Top of DATASET EXCERPTS

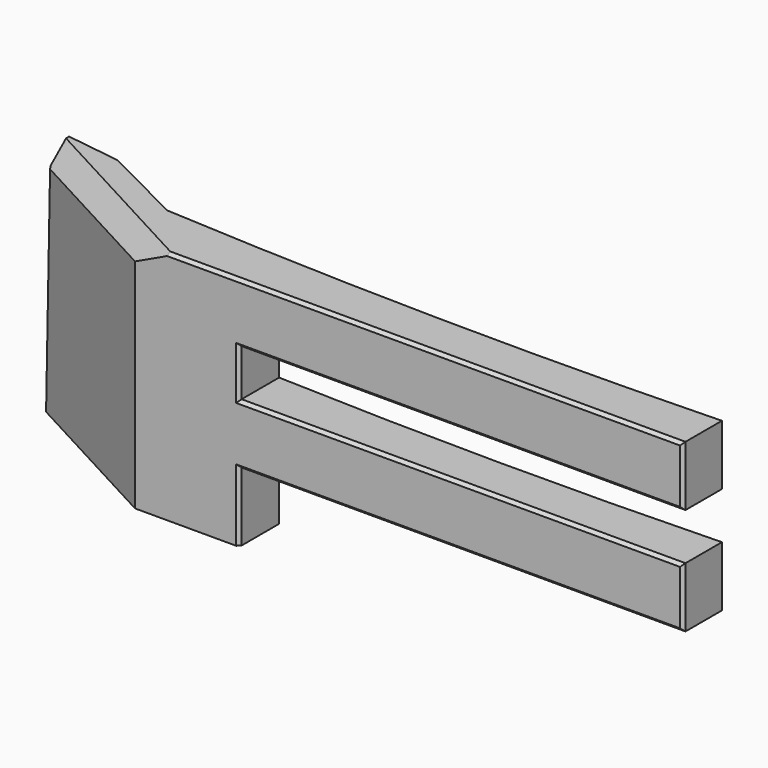
from build123d import *

# Parameters (mm, degrees)
F1_DEPTH     = 44.45
F4_DEPTH     = 98.5780825813
F5_SIZE      = 7.62
F6_T1_DEPTH  = 219.6945102582
F6_T3_DEPTH  = 31.6780747894
F6_T5_DEPTH  = 188.9400373947
F6_T7_DEPTH  = 31.6780747894
F6_T9_DEPTH  = 31.993119976
F6_T11_DEPTH = 19.558
F6_T13_DEPTH = 95.0320985588
F6_T19_DEPTH = 188.9400373947
F6_T23_DEPTH = 22.8240373947
F6_T30_DEPTH = 22.8240373947
F6_T34_DEPTH = 188.9400373947
F6_T41_DEPTH = 31.993119976
F6_T45_DEPTH = 188.9400373947
F7_T         = 3.81
F7_T3_DEPTH  = 9.8197045255
F7_T5_DEPTH  = 50.8
F7_T7_DEPTH  = 9.8197045256
F7_T9_DEPTH  = 9.8197045255
F8_R         = 4.0894
F8_R_2       = 1.8415
F9_DEPTH     = 40.64
F10_DEPTH    = 127


# Not quite as in the source:
# - a fillet or chamfer that OpenCascade refuses, or shapes differently, is made with other operations: its cross-section is extruded or revolved along the edge and cut away or added
# - a shell that OpenCascade refuses in one call is made with other operations: the cavity is built on its own and cut out


with BuildPart() as f1:
    # F0 (on Front) → F1 (new body)
    with BuildSketch(Plane.XZ):
        Polygon((-27.6737742102, 28.612719938), (-93.7137742102, 28.612719938), (-96.8887742102, -69.9643626433), (-17.5137742102, -69.9643626433), (12.7122257898, -69.9643626433), (12.7122257898, -41.237280062), (198.3862257898, -41.237280062), (198.3862257898, -16.091280062), (12.7122257898, -16.091280062), (12.7122257898, 3.466719938), (198.3862257898, 3.466719938), (198.3862257898, 28.612719938), align=None)
    extrude(amount=F1_DEPTH)

    # F2 (on face) → F4 (cut, through all)
    with BuildSketch(Plane(origin=(0, 0, -69.9643626433), x_dir=(1, 0, 0), z_dir=(0, 0, -1))):
        Polygon((-96.8887742102, 44.45), (-96.8887742102, 8.89), (-30.8487742102, 44.45), align=None)
    extrude(amount=-F4_DEPTH, mode=Mode.SUBTRACT)

    # F5
    f5_edges = [f1.edges().sort_by_distance(p)[0] for p in [
        (-62.281274, -27.524808, 28.61272),
    ]]
    chamfer(f5_edges, length=F5_SIZE)

    # F6: chamfer of 1.27 on 9 edges, made by hand

    # F6_s2 → F6_t1 (cut)
    with BuildSketch(Plane.YZ.offset(-18.0422470736)):
        Polygon((-43.18, 28.612719938), (-44.45, 27.342719938), (-44.45, 28.612719938), align=None)
    extrude(amount=F6_T1_DEPTH, mode=Mode.SUBTRACT)

    # F6_s4 → F6_t3 (cut)
    with BuildSketch(Plane.XY.offset(0.2006825433)):
        Polygon((197.1162257898, -44.45), (198.3862257898, -43.18), (198.3862257898, -44.45), align=None)
    extrude(amount=F6_T3_DEPTH, mode=Mode.SUBTRACT)

    # F6_s6 → F6_t5 (cut)
    with BuildSketch(Plane.YZ.offset(12.7122257898)):
        Polygon((-44.45, 4.736719938), (-43.18, 3.466719938), (-44.45, 3.466719938), align=None)
        Polygon((-44.45, -17.361280062), (-43.18, -16.091280062), (-44.45, -16.091280062), align=None)
        Polygon((-44.45, -39.967280062), (-43.18, -41.237280062), (-44.45, -41.237280062), align=None)
    extrude(amount=F6_T5_DEPTH, mode=Mode.SUBTRACT)

    # F6_s8 → F6_t7 (cut)
    with BuildSketch(Plane.XY.offset(-44.5033174567)):
        Polygon((197.1162257898, -44.45), (198.3862257898, -43.18), (198.3862257898, -44.45), align=None)
    extrude(amount=F6_T7_DEPTH, mode=Mode.SUBTRACT)

    # F6_s10 → F6_t9 (cut)
    with BuildSketch(Plane.XY.offset(-73.230400038)):
        Polygon((11.4422257898, -44.45), (12.7122257898, -43.18), (12.7122257898, -44.45), align=None)
    extrude(amount=F6_T9_DEPTH, mode=Mode.SUBTRACT)

    # F6_s12 → F6_t11 (cut)
    with BuildSketch(Plane.XY.offset(-16.091280062)):
        Polygon((11.4422257898, -44.45), (12.7122257898, -43.18), (12.7122257898, -44.45), align=None)
    extrude(amount=F6_T11_DEPTH, mode=Mode.SUBTRACT)

    # F6_s14 → F6_t13 (cut)
    with BuildSketch(Plane(origin=(-2.4104397516, 1.297929097, -74.8390924249), x_dir=(0.474099823, 0.8804710999, 0), z_dir=(0.0321867693, -0.0173313373, 0.9993315949))):
        Polygon((-53.0941334984, 78.8407390233), (-53.7623387855, 77.722372749), (-53.7623387855, 78.4811766705), align=None)
    extrude(amount=F6_T13_DEPTH, mode=Mode.SUBTRACT)


with BuildPart() as f6_tool17:
    # F6_s18 → F6_t19 (new body)
    with BuildSketch(Plane.YZ.offset(9.4461883951)):
        Polygon((-44.45, 4.736719938), (-43.18, 3.466719938), (-44.45, 3.466719938), align=None)
    extrude(amount=F6_T19_DEPTH)

    split(bisect_by=Plane.YZ.offset(12.7122257898), keep=Keep.BOTTOM)


with BuildPart() as f6_tool21:
    # F6_s22 → F6_t23 (new body)
    with BuildSketch(Plane.XY.offset(-16.091280062)):
        Polygon((11.4422257898, -44.45), (12.7122257898, -43.18), (12.7122257898, -44.45), align=None)
    extrude(amount=F6_T23_DEPTH)

    split(bisect_by=Plane.XY.offset(3.466719938), keep=Keep.TOP)


with BuildPart() as f6_tool17_1:
    add(f6_tool17.part)

    # F6_t25: intersect F6_tool21
    add(f6_tool21.part, mode=Mode.INTERSECT)


with BuildPart() as f1_1:
    add(f1.part)

    # F6_t15: cut F6_tool17
    add(f6_tool17_1.part, mode=Mode.SUBTRACT)


with BuildPart() as f6_tool28:
    # F6_s29 → F6_t30 (new body)
    with BuildSketch(Plane.XY.offset(-19.3573174567)):
        Polygon((11.4422257898, -44.45), (12.7122257898, -43.18), (12.7122257898, -44.45), align=None)
    extrude(amount=F6_T30_DEPTH)

    split(bisect_by=Plane.XY.offset(-16.091280062), keep=Keep.BOTTOM)


with BuildPart() as f6_tool32:
    # F6_s33 → F6_t34 (new body)
    with BuildSketch(Plane.YZ.offset(198.3862257898)):
        Polygon((-44.45, -17.361280062), (-43.18, -16.091280062), (-44.45, -16.091280062), align=None)
    extrude(amount=-F6_T34_DEPTH)

    split(bisect_by=Plane.YZ.offset(12.7122257898), keep=Keep.BOTTOM)


with BuildPart() as f6_tool28_1:
    add(f6_tool28.part)

    # F6_t36: intersect F6_tool32
    add(f6_tool32.part, mode=Mode.INTERSECT)


with BuildPart() as f1_2:
    add(f1_1.part)

    # F6_t26: cut F6_tool28
    add(f6_tool28_1.part, mode=Mode.SUBTRACT)


with BuildPart() as f6_tool39:
    # F6_s40 → F6_t41 (new body)
    with BuildSketch(Plane.XY.offset(-69.9643626433)):
        Polygon((11.4422257898, -44.45), (12.7122257898, -43.18), (12.7122257898, -44.45), align=None)
    extrude(amount=F6_T41_DEPTH)

    split(bisect_by=Plane.XY.offset(-41.237280062), keep=Keep.TOP)


with BuildPart() as f6_tool43:
    # F6_s44 → F6_t45 (new body)
    with BuildSketch(Plane.YZ.offset(9.4461883951)):
        Polygon((-44.45, -39.967280062), (-43.18, -41.237280062), (-44.45, -41.237280062), align=None)
    extrude(amount=F6_T45_DEPTH)

    split(bisect_by=Plane.YZ.offset(12.7122257898), keep=Keep.BOTTOM)


with BuildPart() as f6_tool39_1:
    add(f6_tool39.part)

    # F6_t47: intersect F6_tool43
    add(f6_tool43.part, mode=Mode.INTERSECT)


with BuildPart() as f1_3:
    add(f1_2.part)

    # F6_t37: cut F6_tool39
    add(f6_tool39_1.part, mode=Mode.SUBTRACT)

    # F7: shell of thickness 3.81, made by hand


with BuildPart() as f7_core1:
    # F7_t2: copy of F1
    add(f1_3.part)

    # the walls: a layer under each face that stays
    f7_faces = [f7_core1.faces().sort_by_distance(p)[0] for p in [
        (52.3362257898, -21.59, 28.612719938),
        (-95.3012742102, -4.8600664948, -20.6758213526),
        (-95.0796094442, -9.4847066882, -24.1721603779),
        (-63.5344983168, -26.8499947118, -24.4858213526),
        (83.1337257898, -44.45, -21.3108213526),
        (197.7512257898, -43.815, 16.039719938),
        (104.9142257898, -43.815, 4.101719938),
        (105.5492257898, -21.59, 3.466719938),
        (12.7122257898, -21.59, -6.312280062),
        (105.5492257898, -21.59, -16.091280062),
        (198.3862257898, -21.59, -28.664280062),
        (105.5492257898, -21.59, -41.237280062),
        (12.7122257898, -21.59, -55.6008213526),
        (12.0772257898, -43.815, -6.312280062),
        (104.9142257898, -43.815, -16.726280062),
        (197.7512257898, -43.815, -28.664280062),
        (104.9142257898, -43.815, -40.602280062),
        (12.0772257898, -43.815, -54.9658213526),
        (-42.0882742102, -22.225, -69.9643626433),
        (198.3862257898, -21.59, 16.039719938),
        (90.4656276778, -43.815, 27.977719938),
        (-57.0896392603, -25.9930745223, 24.802719938),
    ]]
    thicken(f7_faces, amount=-F7_T, mode=Mode.SUBTRACT)

    # F7_s4 → F7_t3 (cut)
    with BuildSketch(Plane(origin=(-9.1117935238, -9.1117935238, 9.1117935238), x_dir=(0.7071067812, -0.7071067812, 0), z_dir=(-0.5773502692, -0.5773502692, 0.5773502692))):
        Polygon((39.5789218716, -9.640847327), (37.6167718716, -6.3082949707), (35.7117718716, -7.4081472335), (35.7117718716, -9.6078517591), align=None)
    extrude(amount=F7_T3_DEPTH, mode=Mode.SUBTRACT)

    # F7_s6 → F7_t5 (cut)
    with BuildSketch(Plane.XZ.offset(-3.81)):
        Polygon((12.7503257898, 3.428619938), (12.7122257898, 7.276719938), (8.9022257898, 7.276719938), (8.9022257898, 3.466719938), align=None)
        Polygon((12.7503257898, -16.053180062), (8.9022257898, -16.091280062), (8.9022257898, -19.901280062), (12.7122257898, -19.901280062), align=None)
        Polygon((12.7503257898, -41.275380062), (12.7122257898, -37.427280062), (8.9022257898, -37.427280062), (8.9022257898, -41.237280062), align=None)
    extrude(amount=F7_T5_DEPTH, mode=Mode.SUBTRACT)

    # F7_s8 → F7_t7 (cut)
    with BuildSketch(Plane(origin=(-13.3199802318, -13.3199802318, -13.3199802318), x_dir=(0.7071067812, -0.7071067812, 0), z_dir=(-0.5773502692, -0.5773502692, -0.5773502692))):
        Polygon((39.5789218716, -0.6670628499), (35.7117718716, -0.7000584178), (35.7117718716, -2.8997629434), (37.6167718716, -3.9996152062), align=None)
    extrude(amount=F7_T7_DEPTH, mode=Mode.SUBTRACT)

    # F7_s10 → F7_t9 (cut)
    with BuildSketch(Plane(origin=(0.1201307583, 0.1201307583, -0.1201307583), x_dir=(-0.7071067812, 0.7071067812, 0), z_dir=(0.5773502692, 0.5773502692, -0.5773502692))):
        Polygon((-39.5789218716, -46.1415104808), (-37.6167718716, -42.8089581245), (-35.7117718716, -43.9088103873), (-35.7117718716, -46.1085149129), align=None)
    extrude(amount=F7_T9_DEPTH, mode=Mode.SUBTRACT)


with BuildPart() as f1_4:
    add(f1_3.part)

    # what is left inside the walls is the cavity
    f7_cavity = [f7_core1.part.solids().sort_by_distance(p)[0] for p in [
        (50.81107, -0.0381, -35.835335),
    ]]
    add(f7_cavity, mode=Mode.SUBTRACT)

    # F8 (on face) → F9 (join, through all)
    with BuildSketch(Plane(origin=(0, -40.64, 0), x_dir=(-1, 0, 0), z_dir=(0, 1, 0))):
        with Locations((-167.5252257898, 14.642719938)):
            Circle(F8_R)
        with Locations((-167.5252257898, 14.642719938)):
            Circle(F8_R_2, mode=Mode.SUBTRACT)
        with Locations((-109.7656257898, 14.642719938)):
            Circle(F8_R)
        with Locations((-109.7656257898, 14.642719938)):
            Circle(F8_R_2, mode=Mode.SUBTRACT)
        with Locations((9.3857742102, -44.920280062)):
            Circle(F8_R)
        with Locations((9.3857742102, -44.920280062)):
            Circle(F8_R_2, mode=Mode.SUBTRACT)
        with Locations((9.3857742102, 4.609719938)):
            Circle(F8_R)
        with Locations((9.3857742102, 4.609719938)):
            Circle(F8_R_2, mode=Mode.SUBTRACT)
    extrude(amount=F9_DEPTH)

    # F3 (on face) → F10 (cut, symmetric)
    with BuildSketch(Plane(origin=(0, 0, -41.237280062), x_dir=(1, 0, 0), z_dir=(0, 0, -1))):
        with BuildLine():
            Line((-70.9720987785, 3.4942372568), (-96.1306024302, 0))
            Line((-96.1306024302, 0), (198.3862257898, 0))
            Line((198.3862257898, 0), (198.3862257898, 24.13))
            ThreePointArc((198.3862257898, 24.13), (81.1301273633, 25.39290124), (-36.0551004282, 21.1255923438))
            Line((-36.0551004282, 21.1255923438), (-70.9720987785, 3.4942372568))
        make_face()
    extrude(amount=F10_DEPTH, both=True, mode=Mode.SUBTRACT)


solid = f1_4.part

Bottom of DATASET EXCERPTS

== EXERCISE DIRECTIONS ==
Counting only lines that hold the string "made", give the number of such lines in the records. Write nothing else.

== OUTPUT ==
4